◆ WORK INSTRUCTIONS
Write out each line of the records that has "SIMPLEX" in it.

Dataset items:
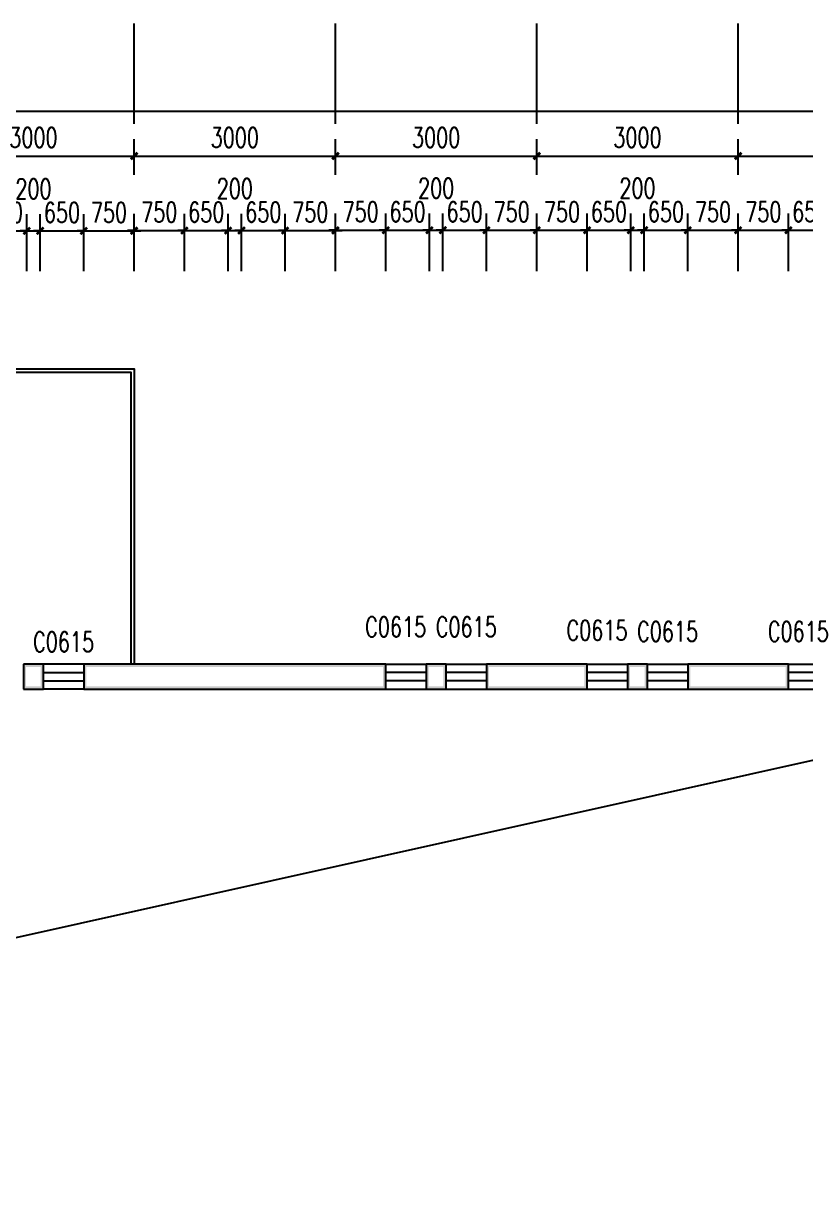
# Model space of a CAD drawing. Header units: millimetres. Extents: x -150677 to 588340, y -254013 to 149700.
# Drawn here: x 189911 to 201567, y -212473 to -195060 of the extents above; entities that cross this region are included whole.
import ezdxf

# ---------------------------------------------------------------- set-up
doc = ezdxf.new("R2010")
doc.units = ezdxf.units.MM
doc.header["$LTSCALE"] = 10
doc.header["$MEASUREMENT"] = 0
for name, color, linetype in [('PUB_DIM', 3, 'Continuous'), ('PUB_WALL', 9, 'Continuous'), ('WALL', 9, 'Continuous'), ('WINDOW', 4, 'Continuous'), ('WINDOW_TEXT', 7, 'Continuous')]:
    doc.layers.add(name, color=color, linetype=linetype)
doc.styles.add('_TCH_DIM_T3', font='SIMPLEX', dxfattribs={"width": 0.705882, "bigfont": 'GBCBIG'})
doc.styles.add('_TCH_WINDOW', font='SIMPLEX', dxfattribs={"bigfont": 'GBCBIG'})
doc.dimstyles.new('_TCH_ARCH&&100', dxfattribs={"dimtxt": 297.5, "dimasz": 100, "dimexe": 250, "dimexo": 300, "dimgap": 126.25, "dimtad": 1, "dimdec": 0, "dimzin": 0, "dimdsep": 46, "dimtxsty": '_TCH_DIM_T3', "dimblk": 'ARCHTICK', "dimcen": 0.09, "dimclrt": 7, "dimazin": 2, "dimtfac": 1, "dimtdec": 0, "dimtix": 1, "dimtmove": 2, "dimatfit": 3, "dimfxl": 1, "dimtolj": 1, "dimtzin": 0, "dimarcsym": 0})

# ---------------------------------------------------------------- blocks, each defined once
blk = doc.blocks.new('_ArchTick')
at = {"color": 0, "linetype": 'ByBlock', "const_width": 0.4}
blk.add_lwpolyline([(-0.5, -0.5), (0.5, 0.5)], dxfattribs=at)
blk = doc.blocks.new('*D2156')
at = {"layer": 'Defpoints', "color": 0, "transparency": 16777216}
for p in [(191561, -197035), (188561, -197617), (191561, -197617)]:
    blk.add_point(p, dxfattribs=at)
at = {"layer": 'PUB_DIM', "color": 0, "lineweight": -2, "transparency": 16777216}
for p, q in [((188561, -197317), (188561, -196785)), ((191561, -197317), (191561, -196785)), ((188561, -197035), (191561, -197035))]:
    blk.add_line(p, q, dxfattribs=at)
at = {"layer": 'PUB_DIM', "color": 0, "lineweight": -2, "transparency": 16777216, "xscale": 100, "yscale": 100, "zscale": 100, "rotation": 180}
blk.add_blockref('_ArchTick', (188561, -197035), dxfattribs=at)
at = {"layer": 'PUB_DIM', "color": 0, "lineweight": -2, "transparency": 16777216, "xscale": 100, "yscale": 100, "zscale": 100}
blk.add_blockref('_ArchTick', (191561, -197035), dxfattribs=at)
at = {"layer": 'PUB_DIM', "color": 7, "transparency": 16777216, "insert": (190061, -196760), "char_height": 297.5, "attachment_point": 5, "style": '_TCH_DIM_T3'}
blk.add_mtext('\\A1;3000', dxfattribs=at)
blk = doc.blocks.new('*D2157')
at = {"layer": 'Defpoints', "color": 0, "transparency": 16777216}
for p in [(194561, -197035), (191561, -197617), (194561, -197617)]:
    blk.add_point(p, dxfattribs=at)
at = {"layer": 'PUB_DIM', "color": 0, "lineweight": -2, "transparency": 16777216}
for p, q in [((191561, -197317), (191561, -196785)), ((194561, -197317), (194561, -196785)), ((191561, -197035), (194561, -197035))]:
    blk.add_line(p, q, dxfattribs=at)
at = {"layer": 'PUB_DIM', "color": 0, "lineweight": -2, "transparency": 16777216, "xscale": 100, "yscale": 100, "zscale": 100, "rotation": 180}
blk.add_blockref('_ArchTick', (191561, -197035), dxfattribs=at)
at = {"layer": 'PUB_DIM', "color": 0, "lineweight": -2, "transparency": 16777216, "xscale": 100, "yscale": 100, "zscale": 100}
blk.add_blockref('_ArchTick', (194561, -197035), dxfattribs=at)
at = {"layer": 'PUB_DIM', "color": 7, "transparency": 16777216, "insert": (193061, -196760), "char_height": 297.5, "attachment_point": 5, "style": '_TCH_DIM_T3'}
blk.add_mtext('\\A1;3000', dxfattribs=at)
blk = doc.blocks.new('*D2158')
at = {"layer": 'Defpoints', "color": 0, "transparency": 16777216}
for p in [(197561, -197035), (194561, -197617), (197561, -197617)]:
    blk.add_point(p, dxfattribs=at)
at = {"layer": 'PUB_DIM', "color": 0, "lineweight": -2, "transparency": 16777216}
for p, q in [((194561, -197317), (194561, -196785)), ((197561, -197317), (197561, -196785)), ((194561, -197035), (197561, -197035))]:
    blk.add_line(p, q, dxfattribs=at)
at = {"layer": 'PUB_DIM', "color": 0, "lineweight": -2, "transparency": 16777216, "xscale": 100, "yscale": 100, "zscale": 100, "rotation": 180}
blk.add_blockref('_ArchTick', (194561, -197035), dxfattribs=at)
at = {"layer": 'PUB_DIM', "color": 0, "lineweight": -2, "transparency": 16777216, "xscale": 100, "yscale": 100, "zscale": 100}
blk.add_blockref('_ArchTick', (197561, -197035), dxfattribs=at)
at = {"layer": 'PUB_DIM', "color": 7, "transparency": 16777216, "insert": (196061, -196760), "char_height": 297.5, "attachment_point": 5, "style": '_TCH_DIM_T3'}
blk.add_mtext('\\A1;3000', dxfattribs=at)
blk = doc.blocks.new('*D2159')
at = {"layer": 'Defpoints', "color": 0, "transparency": 16777216}
for p in [(200561, -197035), (197561, -197617), (200561, -197617)]:
    blk.add_point(p, dxfattribs=at)
at = {"layer": 'PUB_DIM', "color": 0, "lineweight": -2, "transparency": 16777216}
for p, q in [((197561, -197317), (197561, -196785)), ((200561, -197317), (200561, -196785)), ((197561, -197035), (200561, -197035))]:
    blk.add_line(p, q, dxfattribs=at)
at = {"layer": 'PUB_DIM', "color": 0, "lineweight": -2, "transparency": 16777216, "xscale": 100, "yscale": 100, "zscale": 100, "rotation": 180}
blk.add_blockref('_ArchTick', (197561, -197035), dxfattribs=at)
at = {"layer": 'PUB_DIM', "color": 0, "lineweight": -2, "transparency": 16777216, "xscale": 100, "yscale": 100, "zscale": 100}
blk.add_blockref('_ArchTick', (200561, -197035), dxfattribs=at)
at = {"layer": 'PUB_DIM', "color": 7, "transparency": 16777216, "insert": (199061, -196760), "char_height": 297.5, "attachment_point": 5, "style": '_TCH_DIM_T3'}
blk.add_mtext('\\A1;3000', dxfattribs=at)
blk = doc.blocks.new('*D2160')
at = {"layer": 'Defpoints', "color": 0, "transparency": 16777216}
for p in [(203561, -197035), (200561, -197617), (203561, -197617)]:
    blk.add_point(p, dxfattribs=at)
at = {"layer": 'PUB_DIM', "color": 0, "lineweight": -2, "transparency": 16777216}
for p, q in [((200561, -197317), (200561, -196785)), ((203561, -197317), (203561, -196785)), ((200561, -197035), (203561, -197035))]:
    blk.add_line(p, q, dxfattribs=at)
at = {"layer": 'PUB_DIM', "color": 0, "lineweight": -2, "transparency": 16777216, "xscale": 100, "yscale": 100, "zscale": 100, "rotation": 180}
blk.add_blockref('_ArchTick', (200561, -197035), dxfattribs=at)
at = {"layer": 'PUB_DIM', "color": 0, "lineweight": -2, "transparency": 16777216, "xscale": 100, "yscale": 100, "zscale": 100}
blk.add_blockref('_ArchTick', (203561, -197035), dxfattribs=at)
at = {"layer": 'PUB_DIM', "color": 7, "transparency": 16777216, "insert": (202061, -196760), "char_height": 297.5, "attachment_point": 5, "style": '_TCH_DIM_T3'}
blk.add_mtext('\\A1;3000', dxfattribs=at)
blk = doc.blocks.new('*D2165')
at = {"layer": 'Defpoints', "color": 0, "transparency": 16777216}
for p in [(213761, -196366), (152561, -197148), (213761, -197148)]:
    blk.add_point(p, dxfattribs=at)
at = {"layer": 'PUB_DIM', "color": 0, "lineweight": -2, "transparency": 16777216}
for p, q in [((152561, -196848), (152561, -196116)), ((213761, -196848), (213761, -196116)), ((152561, -196366), (213761, -196366))]:
    blk.add_line(p, q, dxfattribs=at)
at = {"layer": 'PUB_DIM', "color": 0, "lineweight": -2, "transparency": 16777216, "xscale": 100, "yscale": 100, "zscale": 100, "rotation": 180}
blk.add_blockref('_ArchTick', (152561, -196366), dxfattribs=at)
at = {"layer": 'PUB_DIM', "color": 0, "lineweight": -2, "transparency": 16777216, "xscale": 100, "yscale": 100, "zscale": 100}
blk.add_blockref('_ArchTick', (213761, -196366), dxfattribs=at)
at = {"layer": 'PUB_DIM', "color": 7, "transparency": 16777216, "insert": (183161, -196091), "char_height": 297.5, "attachment_point": 5, "style": '_TCH_DIM_T3'}
blk.add_mtext('\\A1;61200', dxfattribs=at)
blk = doc.blocks.new('*D2265')
at = {"layer": 'Defpoints', "color": 0, "transparency": 16777216}
for p in [(201961, -198140), (201311, -199048), (201961, -199048)]:
    blk.add_point(p, dxfattribs=at)
at = {"layer": 'PUB_DIM', "color": 0, "lineweight": -2, "transparency": 16777216}
for p, q in [((201311, -198748), (201311, -197890)), ((201961, -198748), (201961, -197890)), ((201311, -198140), (201211, -198140)), ((201311, -198140), (201961, -198140)), ((201961, -198140), (202061, -198140))]:
    blk.add_line(p, q, dxfattribs=at)
at = {"layer": 'PUB_DIM', "color": 0, "lineweight": -2, "transparency": 16777216, "xscale": 100, "yscale": 100, "zscale": 100}
blk.add_blockref('_ArchTick', (201311, -198140), dxfattribs=at)
at = {"layer": 'PUB_DIM', "color": 0, "lineweight": -2, "transparency": 16777216, "xscale": 100, "yscale": 100, "zscale": 100, "rotation": 180}
blk.add_blockref('_ArchTick', (201961, -198140), dxfattribs=at)
at = {"layer": 'PUB_DIM', "color": 7, "transparency": 16777216, "insert": (201636, -197865), "char_height": 297.5, "attachment_point": 5, "style": '_TCH_DIM_T3'}
blk.add_mtext('\\A1;650', dxfattribs=at)
blk = doc.blocks.new('*D2266')
at = {"layer": 'Defpoints', "color": 0, "transparency": 16777216}
for p in [(201311, -198140), (200561, -199048), (201311, -199048)]:
    blk.add_point(p, dxfattribs=at)
at = {"layer": 'PUB_DIM', "color": 0, "lineweight": -2, "transparency": 16777216}
for p, q in [((200561, -198748), (200561, -197890)), ((201311, -198748), (201311, -197890)), ((200561, -198140), (200461, -198140)), ((200561, -198140), (201311, -198140)), ((201311, -198140), (201411, -198140))]:
    blk.add_line(p, q, dxfattribs=at)
at = {"layer": 'PUB_DIM', "color": 0, "lineweight": -2, "transparency": 16777216, "xscale": 100, "yscale": 100, "zscale": 100}
blk.add_blockref('_ArchTick', (200561, -198140), dxfattribs=at)
at = {"layer": 'PUB_DIM', "color": 0, "lineweight": -2, "transparency": 16777216, "xscale": 100, "yscale": 100, "zscale": 100, "rotation": 180}
blk.add_blockref('_ArchTick', (201311, -198140), dxfattribs=at)
at = {"layer": 'PUB_DIM', "color": 7, "transparency": 16777216, "insert": (200936, -197865), "char_height": 297.5, "attachment_point": 5, "style": '_TCH_DIM_T3'}
blk.add_mtext('\\A1;750', dxfattribs=at)
blk = doc.blocks.new('*D2267')
at = {"layer": 'Defpoints', "color": 0, "transparency": 16777216}
for p in [(200561, -198140), (199811, -199048), (200561, -199048)]:
    blk.add_point(p, dxfattribs=at)
at = {"layer": 'PUB_DIM', "color": 0, "lineweight": -2, "transparency": 16777216}
for p, q in [((199811, -198748), (199811, -197890)), ((200561, -198748), (200561, -197890)), ((199811, -198140), (199711, -198140)), ((199811, -198140), (200561, -198140)), ((200561, -198140), (200661, -198140))]:
    blk.add_line(p, q, dxfattribs=at)
at = {"layer": 'PUB_DIM', "color": 0, "lineweight": -2, "transparency": 16777216, "xscale": 100, "yscale": 100, "zscale": 100}
blk.add_blockref('_ArchTick', (199811, -198140), dxfattribs=at)
at = {"layer": 'PUB_DIM', "color": 0, "lineweight": -2, "transparency": 16777216, "xscale": 100, "yscale": 100, "zscale": 100, "rotation": 180}
blk.add_blockref('_ArchTick', (200561, -198140), dxfattribs=at)
at = {"layer": 'PUB_DIM', "color": 7, "transparency": 16777216, "insert": (200186, -197865), "char_height": 297.5, "attachment_point": 5, "style": '_TCH_DIM_T3'}
blk.add_mtext('\\A1;750', dxfattribs=at)
blk = doc.blocks.new('*D2268')
at = {"layer": 'Defpoints', "color": 0, "transparency": 16777216}
for p in [(199811, -198140), (199161, -199048), (199811, -199048)]:
    blk.add_point(p, dxfattribs=at)
at = {"layer": 'PUB_DIM', "color": 0, "lineweight": -2, "transparency": 16777216}
for p, q in [((199161, -198748), (199161, -197890)), ((199811, -198748), (199811, -197890)), ((199161, -198140), (199061, -198140)), ((199161, -198140), (199811, -198140)), ((199811, -198140), (199911, -198140))]:
    blk.add_line(p, q, dxfattribs=at)
at = {"layer": 'PUB_DIM', "color": 0, "lineweight": -2, "transparency": 16777216, "xscale": 100, "yscale": 100, "zscale": 100}
blk.add_blockref('_ArchTick', (199161, -198140), dxfattribs=at)
at = {"layer": 'PUB_DIM', "color": 0, "lineweight": -2, "transparency": 16777216, "xscale": 100, "yscale": 100, "zscale": 100, "rotation": 180}
blk.add_blockref('_ArchTick', (199811, -198140), dxfattribs=at)
at = {"layer": 'PUB_DIM', "color": 7, "transparency": 16777216, "insert": (199486, -197865), "char_height": 297.5, "attachment_point": 5, "style": '_TCH_DIM_T3'}
blk.add_mtext('\\A1;650', dxfattribs=at)
blk = doc.blocks.new('*D2269')
at = {"layer": 'Defpoints', "color": 0, "transparency": 16777216}
for p in [(199161, -198140), (198961, -199048), (199161, -199048)]:
    blk.add_point(p, dxfattribs=at)
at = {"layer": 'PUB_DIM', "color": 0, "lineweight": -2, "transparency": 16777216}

◆ ANSWER TO THE EXERCISE
doc.styles.add('_TCH_DIM_T3', font='SIMPLEX', dxfattribs={"width": 0.705882, "bigfont": 'GBCBIG'})
doc.styles.add('_TCH_WINDOW', font='SIMPLEX', dxfattribs={"bigfont": 'GBCBIG'})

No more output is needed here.